* Records shown *

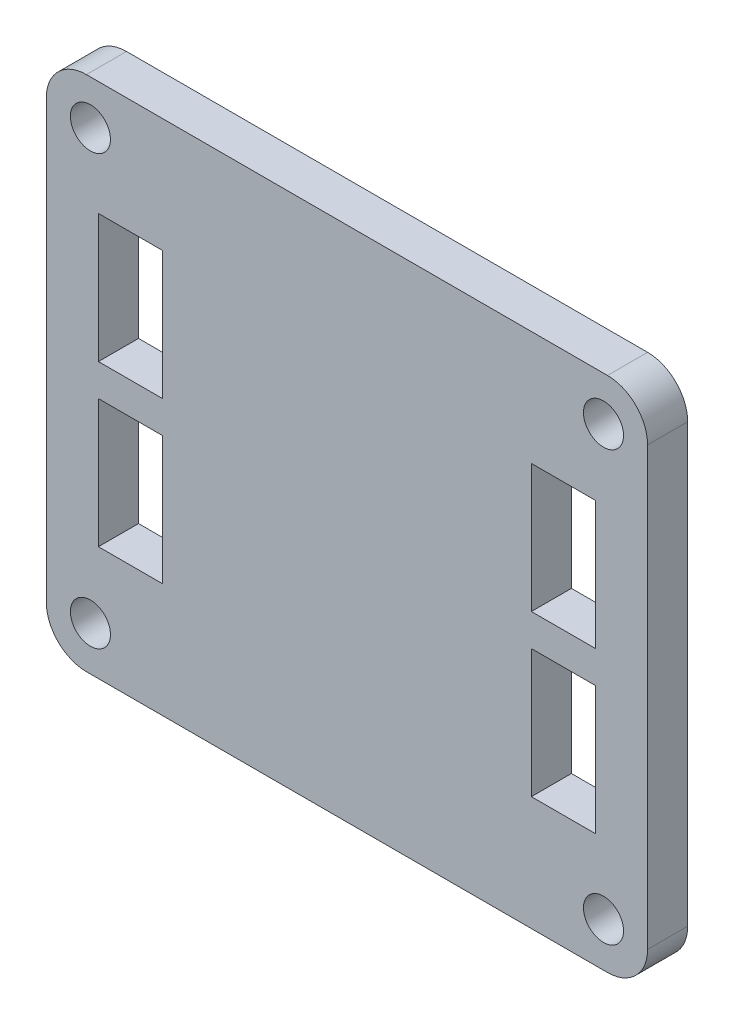
ISO-10303-21;
HEADER;
FILE_DESCRIPTION(('STEP AP214'),'2;1');
FILE_NAME('part.step','',(''),(''),'','','');
FILE_SCHEMA(('AUTOMOTIVE_DESIGN { 1 0 10303 214 1 1 1 1 }'));
ENDSEC;
DATA;
#1=APPLICATION_CONTEXT('core data for automotive mechanical design processes');
#2=APPLICATION_PROTOCOL_DEFINITION('international standard','automotive_design',2000,#1);
#3=PRODUCT_CONTEXT('',#1,'mechanical');
#4=PRODUCT('Part','Part','',(#3));
#5=PRODUCT_RELATED_PRODUCT_CATEGORY('part','',(#4));
#6=PRODUCT_DEFINITION_FORMATION('','',#4);
#7=PRODUCT_DEFINITION_CONTEXT('part definition',#1,'design');
#8=PRODUCT_DEFINITION('design','',#6,#7);
#9=PRODUCT_DEFINITION_SHAPE('','',#8);
#10=(LENGTH_UNIT() NAMED_UNIT(*) SI_UNIT(.MILLI.,.METRE.));
#11=(NAMED_UNIT(*) PLANE_ANGLE_UNIT() SI_UNIT($,.RADIAN.));
#12=(NAMED_UNIT(*) SI_UNIT($,.STERADIAN.) SOLID_ANGLE_UNIT());
#13=UNCERTAINTY_MEASURE_WITH_UNIT(LENGTH_MEASURE(1.E-05),#10,'distance_accuracy_value','');
#14=(GEOMETRIC_REPRESENTATION_CONTEXT(3) GLOBAL_UNCERTAINTY_ASSIGNED_CONTEXT((#13)) GLOBAL_UNIT_ASSIGNED_CONTEXT((#10,
#11,#12)) REPRESENTATION_CONTEXT('',''));
#15=CARTESIAN_POINT('',(0.,0.,0.));
#16=DIRECTION('',(0.,0.,1.));
#17=DIRECTION('',(1.,0.,0.));
#18=AXIS2_PLACEMENT_3D('',#15,#16,#17);
#19=CARTESIAN_POINT('',(0.,0.,0.));
#20=DIRECTION('',(0.,0.,1.));
#21=DIRECTION('',(1.,0.,0.));
#22=AXIS2_PLACEMENT_3D('',#19,#20,#21);
#23=PLANE('',#22);
#24=DIRECTION('',(-1.,0.,0.));
#25=VECTOR('',#24,1.);
#26=CARTESIAN_POINT('',(31.,-18.,0.));
#27=LINE('',#26,#25);
#28=CARTESIAN_POINT('',(31.,-18.,0.));
#29=VERTEX_POINT('',#28);
#30=CARTESIAN_POINT('',(23.,-18.,0.));
#31=VERTEX_POINT('',#30);
#32=EDGE_CURVE('E288',#29,#31,#27,.T.);
#33=ORIENTED_EDGE('',*,*,#32,.F.);
#34=DIRECTION('',(0.,-1.,0.));
#35=VECTOR('',#34,1.);
#36=CARTESIAN_POINT('',(31.,-18.,0.));
#37=LINE('',#36,#35);
#38=CARTESIAN_POINT('',(31.,-2.,0.));
#39=VERTEX_POINT('',#38);
#40=EDGE_CURVE('E286',#39,#29,#37,.T.);
#41=ORIENTED_EDGE('',*,*,#40,.F.);
#42=DIRECTION('',(1.,0.,0.));
#43=VECTOR('',#42,1.);
#44=CARTESIAN_POINT('',(31.,-2.,0.));
#45=LINE('',#44,#43);
#46=CARTESIAN_POINT('',(23.,-2.,0.));
#47=VERTEX_POINT('',#46);
#48=EDGE_CURVE('E276',#47,#39,#45,.T.);
#49=ORIENTED_EDGE('',*,*,#48,.F.);
#50=DIRECTION('',(0.,1.,0.));
#51=VECTOR('',#50,1.);
#52=CARTESIAN_POINT('',(23.,-18.,0.));
#53=LINE('',#52,#51);
#54=EDGE_CURVE('E291',#31,#47,#53,.T.);
#55=ORIENTED_EDGE('',*,*,#54,.F.);
#56=EDGE_LOOP('',(#33,#41,#49,#55));
#57=FACE_BOUND('',#56,.T.);
#58=DIRECTION('',(0.,1.,0.));
#59=VECTOR('',#58,1.);
#60=CARTESIAN_POINT('',(-31.,-18.,0.));
#61=LINE('',#60,#59);
#62=CARTESIAN_POINT('',(-31.,-18.,0.));
#63=VERTEX_POINT('',#62);
#64=CARTESIAN_POINT('',(-31.,-2.,0.));
#65=VERTEX_POINT('',#64);
#66=EDGE_CURVE('E256',#63,#65,#61,.T.);
#67=ORIENTED_EDGE('',*,*,#66,.F.);
#68=DIRECTION('',(-1.,0.,0.));
#69=VECTOR('',#68,1.);
#70=CARTESIAN_POINT('',(-31.,-18.,0.));
#71=LINE('',#70,#69);
#72=CARTESIAN_POINT('',(-23.,-18.,0.));
#73=VERTEX_POINT('',#72);
#74=EDGE_CURVE('E254',#73,#63,#71,.T.);
#75=ORIENTED_EDGE('',*,*,#74,.F.);
#76=DIRECTION('',(0.,-1.,0.));
#77=VECTOR('',#76,1.);
#78=CARTESIAN_POINT('',(-23.,-18.,0.));
#79=LINE('',#78,#77);
#80=CARTESIAN_POINT('',(-23.,-2.,0.));
#81=VERTEX_POINT('',#80);
#82=EDGE_CURVE('E244',#81,#73,#79,.T.);
#83=ORIENTED_EDGE('',*,*,#82,.F.);
#84=DIRECTION('',(1.,0.,0.));
#85=VECTOR('',#84,1.);
#86=CARTESIAN_POINT('',(-31.,-2.,0.));
#87=LINE('',#86,#85);
#88=EDGE_CURVE('E260',#65,#81,#87,.T.);
#89=ORIENTED_EDGE('',*,*,#88,.F.);
#90=EDGE_LOOP('',(#67,#75,#83,#89));
#91=FACE_BOUND('',#90,.T.);
#92=DIRECTION('',(1.,0.,0.));
#93=VECTOR('',#92,1.);
#94=CARTESIAN_POINT('',(-31.,18.,0.));
#95=LINE('',#94,#93);
#96=CARTESIAN_POINT('',(-31.,18.,0.));
#97=VERTEX_POINT('',#96);
#98=CARTESIAN_POINT('',(-23.,18.,0.));
#99=VERTEX_POINT('',#98);
#100=EDGE_CURVE('E229',#97,#99,#95,.T.);
#101=ORIENTED_EDGE('',*,*,#100,.F.);
#102=DIRECTION('',(0.,1.,0.));
#103=VECTOR('',#102,1.);
#104=CARTESIAN_POINT('',(-31.,18.,0.));
#105=LINE('',#104,#103);
#106=CARTESIAN_POINT('',(-31.,2.,0.));
#107=VERTEX_POINT('',#106);
#108=EDGE_CURVE('E202',#107,#97,#105,.T.);
#109=ORIENTED_EDGE('',*,*,#108,.F.);
#110=DIRECTION('',(-1.,0.,0.));
#111=VECTOR('',#110,1.);
#112=CARTESIAN_POINT('',(-31.,2.,0.));
#113=LINE('',#112,#111);
#114=CARTESIAN_POINT('',(-23.,2.,0.));
#115=VERTEX_POINT('',#114);
#116=EDGE_CURVE('E220',#115,#107,#113,.T.);
#117=ORIENTED_EDGE('',*,*,#116,.F.);
#118=DIRECTION('',(0.,-1.,0.));
#119=VECTOR('',#118,1.);
#120=CARTESIAN_POINT('',(-23.,18.,0.));
#121=LINE('',#120,#119);
#122=EDGE_CURVE('E223',#99,#115,#121,.T.);
#123=ORIENTED_EDGE('',*,*,#122,.F.);
#124=EDGE_LOOP('',(#101,#109,#117,#123));
#125=FACE_BOUND('',#124,.T.);
#126=DIRECTION('',(-1.,0.,0.));
#127=VECTOR('',#126,1.);
#128=CARTESIAN_POINT('',(31.,2.,0.));
#129=LINE('',#128,#127);
#130=CARTESIAN_POINT('',(31.,2.,0.));
#131=VERTEX_POINT('',#130);
#132=CARTESIAN_POINT('',(23.,2.,0.));
#133=VERTEX_POINT('',#132);
#134=EDGE_CURVE('E318',#131,#133,#129,.T.);
#135=ORIENTED_EDGE('',*,*,#134,.F.);
#136=DIRECTION('',(0.,-1.,0.));
#137=VECTOR('',#136,1.);
#138=CARTESIAN_POINT('',(31.,18.,0.));
#139=LINE('',#138,#137);
#140=CARTESIAN_POINT('',(31.,18.,0.));
#141=VERTEX_POINT('',#140);
#142=EDGE_CURVE('E236',#141,#131,#139,.T.);
#143=ORIENTED_EDGE('',*,*,#142,.F.);
#144=DIRECTION('',(1.,0.,0.));
#145=VECTOR('',#144,1.);
#146=CARTESIAN_POINT('',(31.,18.,0.));
#147=LINE('',#146,#145);
#148=CARTESIAN_POINT('',(23.,18.,0.));
#149=VERTEX_POINT('',#148);
#150=EDGE_CURVE('E307',#149,#141,#147,.T.);
#151=ORIENTED_EDGE('',*,*,#150,.F.);
#152=DIRECTION('',(0.,1.,0.));
#153=VECTOR('',#152,1.);
#154=CARTESIAN_POINT('',(23.,18.,0.));
#155=LINE('',#154,#153);
#156=EDGE_CURVE('E321',#133,#149,#155,.T.);
#157=ORIENTED_EDGE('',*,*,#156,.F.);
#158=EDGE_LOOP('',(#135,#143,#151,#157));
#159=FACE_BOUND('',#158,.T.);
#160=CARTESIAN_POINT('',(32.,26.75,0.));
#161=DIRECTION('',(0.,0.,-1.));
#162=DIRECTION('',(1.,0.,0.));
#163=AXIS2_PLACEMENT_3D('',#160,#161,#162);
#164=CIRCLE('',#163,2.5);
#165=CARTESIAN_POINT('',(34.5,26.75,0.));
#166=VERTEX_POINT('',#165);
#167=EDGE_CURVE('E328',#166,#166,#164,.T.);
#168=ORIENTED_EDGE('',*,*,#167,.F.);
#169=EDGE_LOOP('',(#168));
#170=FACE_BOUND('',#169,.T.);
#171=CARTESIAN_POINT('',(32.,-26.75,0.));
#172=DIRECTION('',(0.,0.,-1.));
#173=DIRECTION('',(-1.,0.,0.));
#174=AXIS2_PLACEMENT_3D('',#171,#172,#173);
#175=CIRCLE('',#174,2.5);
#176=CARTESIAN_POINT('',(29.5,-26.75,0.));
#177=VERTEX_POINT('',#176);
#178=EDGE_CURVE('E345',#177,#177,#175,.T.);
#179=ORIENTED_EDGE('',*,*,#178,.F.);
#180=EDGE_LOOP('',(#179));
#181=FACE_BOUND('',#180,.T.);
#182=CARTESIAN_POINT('',(-32.,-26.75,0.));
#183=DIRECTION('',(0.,0.,-1.));
#184=DIRECTION('',(1.,0.,0.));
#185=AXIS2_PLACEMENT_3D('',#182,#183,#184);
#186=CIRCLE('',#185,2.5);
#187=CARTESIAN_POINT('',(-29.5,-26.75,0.));
#188=VERTEX_POINT('',#187);
#189=EDGE_CURVE('E339',#188,#188,#186,.T.);
#190=ORIENTED_EDGE('',*,*,#189,.F.);
#191=EDGE_LOOP('',(#190));
#192=FACE_BOUND('',#191,.T.);
#193=CARTESIAN_POINT('',(-32.,26.75,0.));
#194=DIRECTION('',(0.,0.,-1.));
#195=DIRECTION('',(-1.,0.,0.));
#196=AXIS2_PLACEMENT_3D('',#193,#194,#195);
#197=CIRCLE('',#196,2.5);
#198=CARTESIAN_POINT('',(-34.5,26.75,0.));
#199=VERTEX_POINT('',#198);
#200=EDGE_CURVE('E338',#199,#199,#197,.T.);
#201=ORIENTED_EDGE('',*,*,#200,.F.);
#202=EDGE_LOOP('',(#201));
#203=FACE_BOUND('',#202,.T.);
#204=DIRECTION('',(1.,0.,0.));
#205=VECTOR('',#204,1.);
#206=CARTESIAN_POINT('',(37.5,-32.25,0.));
#207=LINE('',#206,#205);
#208=CARTESIAN_POINT('',(-32.5,-32.25,0.));
#209=VERTEX_POINT('',#208);
#210=CARTESIAN_POINT('',(32.5,-32.25,0.));
#211=VERTEX_POINT('',#210);
#212=EDGE_CURVE('E373',#209,#211,#207,.T.);
#213=ORIENTED_EDGE('',*,*,#212,.F.);
#214=CARTESIAN_POINT('',(-32.5,-27.25,0.));
#215=DIRECTION('',(0.,0.,1.));
#216=DIRECTION('',(1.,0.,0.));
#217=AXIS2_PLACEMENT_3D('',#214,#215,#216);
#218=CIRCLE('',#217,5.);
#219=CARTESIAN_POINT('',(-37.5,-27.25,0.));
#220=VERTEX_POINT('',#219);
#221=EDGE_CURVE('E390',#209,#220,#218,.F.);
#222=ORIENTED_EDGE('',*,*,#221,.T.);
#223=DIRECTION('',(0.,-1.,0.));
#224=VECTOR('',#223,1.);
#225=CARTESIAN_POINT('',(-37.5,-32.25,0.));
#226=LINE('',#225,#224);
#227=CARTESIAN_POINT('',(-37.5,27.25,0.));
#228=VERTEX_POINT('',#227);
#229=EDGE_CURVE('E356',#228,#220,#226,.T.);
#230=ORIENTED_EDGE('',*,*,#229,.F.);
#231=CARTESIAN_POINT('',(-32.5,27.25,0.));
#232=DIRECTION('',(0.,0.,1.));
#233=DIRECTION('',(1.,0.,0.));
#234=AXIS2_PLACEMENT_3D('',#231,#232,#233);
#235=CIRCLE('',#234,5.);
#236=CARTESIAN_POINT('',(-32.5,32.25,0.));
#237=VERTEX_POINT('',#236);
#238=EDGE_CURVE('E388',#228,#237,#235,.F.);
#239=ORIENTED_EDGE('',*,*,#238,.T.);
#240=DIRECTION('',(-1.,0.,0.));
#241=VECTOR('',#240,1.);
#242=CARTESIAN_POINT('',(37.5,32.25,0.));
#243=LINE('',#242,#241);
#244=CARTESIAN_POINT('',(32.5,32.25,0.));
#245=VERTEX_POINT('',#244);
#246=EDGE_CURVE('E363',#245,#237,#243,.T.);
#247=ORIENTED_EDGE('',*,*,#246,.F.);
#248=CARTESIAN_POINT('',(32.5,27.25,0.));
#249=DIRECTION('',(0.,0.,1.));
#250=DIRECTION('',(1.,0.,0.));
#251=AXIS2_PLACEMENT_3D('',#248,#249,#250);
#252=CIRCLE('',#251,5.);
#253=CARTESIAN_POINT('',(37.5,27.25,0.));
#254=VERTEX_POINT('',#253);
#255=EDGE_CURVE('E384',#245,#254,#252,.F.);
#256=ORIENTED_EDGE('',*,*,#255,.T.);
#257=DIRECTION('',(0.,1.,0.));
#258=VECTOR('',#257,1.);
#259=CARTESIAN_POINT('',(37.5,-32.25,0.));
#260=LINE('',#259,#258);
#261=CARTESIAN_POINT('',(37.5,-27.25,0.));
#262=VERTEX_POINT('',#261);
#263=EDGE_CURVE('E376',#262,#254,#260,.T.);
#264=ORIENTED_EDGE('',*,*,#263,.F.);
#265=CARTESIAN_POINT('',(32.5,-27.25,0.));
#266=DIRECTION('',(0.,0.,1.));
#267=DIRECTION('',(1.,0.,0.));
#268=AXIS2_PLACEMENT_3D('',#265,#266,#267);
#269=CIRCLE('',#268,5.);
#270=EDGE_CURVE('E386',#262,#211,#269,.F.);
#271=ORIENTED_EDGE('',*,*,#270,.T.);
#272=EDGE_LOOP('',(#213,#222,#230,#239,#247,#256,#264,#271));
#273=FACE_BOUND('',#272,.T.);
#274=ADVANCED_FACE('F32',(#57,#91,#125,#159,#170,#181,#192,#203,#273),#23,.F.);
#275=CARTESIAN_POINT('',(-37.5,-32.25,5.));
#276=DIRECTION('',(1.,0.,0.));
#277=DIRECTION('',(0.,0.,-1.));
#278=AXIS2_PLACEMENT_3D('',#275,#276,#277);
#279=PLANE('',#278);
#280=ORIENTED_EDGE('',*,*,#229,.T.);
#281=DIRECTION('',(0.,0.,-1.));
#282=VECTOR('',#281,1.);
#283=CARTESIAN_POINT('',(-37.5,-27.25,5.));
#284=LINE('',#283,#282);
#285=CARTESIAN_POINT('',(-37.5,-27.25,5.));
#286=VERTEX_POINT('',#285);
#287=EDGE_CURVE('E395',#220,#286,#284,.F.);
#288=ORIENTED_EDGE('',*,*,#287,.T.);
#289=DIRECTION('',(0.,-1.,0.));
#290=VECTOR('',#289,1.);
#291=CARTESIAN_POINT('',(-37.5,-32.25,5.));
#292=LINE('',#291,#290);
#293=CARTESIAN_POINT('',(-37.5,27.25,5.));
#294=VERTEX_POINT('',#293);
#295=EDGE_CURVE('E359',#294,#286,#292,.T.);
#296=ORIENTED_EDGE('',*,*,#295,.F.);
#297=DIRECTION('',(0.,0.,-1.));
#298=VECTOR('',#297,1.);
#299=CARTESIAN_POINT('',(-37.5,27.25,5.));
#300=LINE('',#299,#298);
#301=EDGE_CURVE('E392',#294,#228,#300,.T.);
#302=ORIENTED_EDGE('',*,*,#301,.T.);
#303=EDGE_LOOP('',(#280,#288,#296,#302));
#304=FACE_BOUND('',#303,.T.);
#305=ADVANCED_FACE('F427',(#304),#279,.F.);
#306=CARTESIAN_POINT('',(37.5,-32.25,5.));
#307=DIRECTION('',(0.,1.,0.));
#308=DIRECTION('',(0.,0.,1.));
#309=AXIS2_PLACEMENT_3D('',#306,#307,#308);
#310=PLANE('',#309);
#311=DIRECTION('',(1.,0.,0.));
#312=VECTOR('',#311,1.);
#313=CARTESIAN_POINT('',(37.5,-32.25,5.));
#314=LINE('',#313,#312);
#315=CARTESIAN_POINT('',(-32.5,-32.25,5.));
#316=VERTEX_POINT('',#315);
#317=CARTESIAN_POINT('',(32.5,-32.25,5.));
#318=VERTEX_POINT('',#317);
#319=EDGE_CURVE('E362',#316,#318,#314,.T.);
#320=ORIENTED_EDGE('',*,*,#319,.F.);
#321=DIRECTION('',(0.,0.,-1.));
#322=VECTOR('',#321,1.);
#323=CARTESIAN_POINT('',(-32.5,-32.25,5.));
#324=LINE('',#323,#322);
#325=EDGE_CURVE('E381',#316,#209,#324,.T.);
#326=ORIENTED_EDGE('',*,*,#325,.T.);
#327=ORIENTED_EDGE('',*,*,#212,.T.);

* About this task *
Reproduce exactly the section above that begins at the line containing "#38=CARTESIAN_POINT('',(31.,-2.,0.));" and ends at the line containing "#49=ORIENTED_EDGE('',*,*,#48,.F.);", leaving out all other lines.

* Exercise output *
#38=CARTESIAN_POINT('',(31.,-2.,0.));
#39=VERTEX_POINT('',#38);
#40=EDGE_CURVE('E286',#39,#29,#37,.T.);
#41=ORIENTED_EDGE('',*,*,#40,.F.);
#42=DIRECTION('',(1.,0.,0.));
#43=VECTOR('',#42,1.);
#44=CARTESIAN_POINT('',(31.,-2.,0.));
#45=LINE('',#44,#43);
#46=CARTESIAN_POINT('',(23.,-2.,0.));
#47=VERTEX_POINT('',#46);
#48=EDGE_CURVE('E276',#47,#39,#45,.T.);
#49=ORIENTED_EDGE('',*,*,#48,.F.);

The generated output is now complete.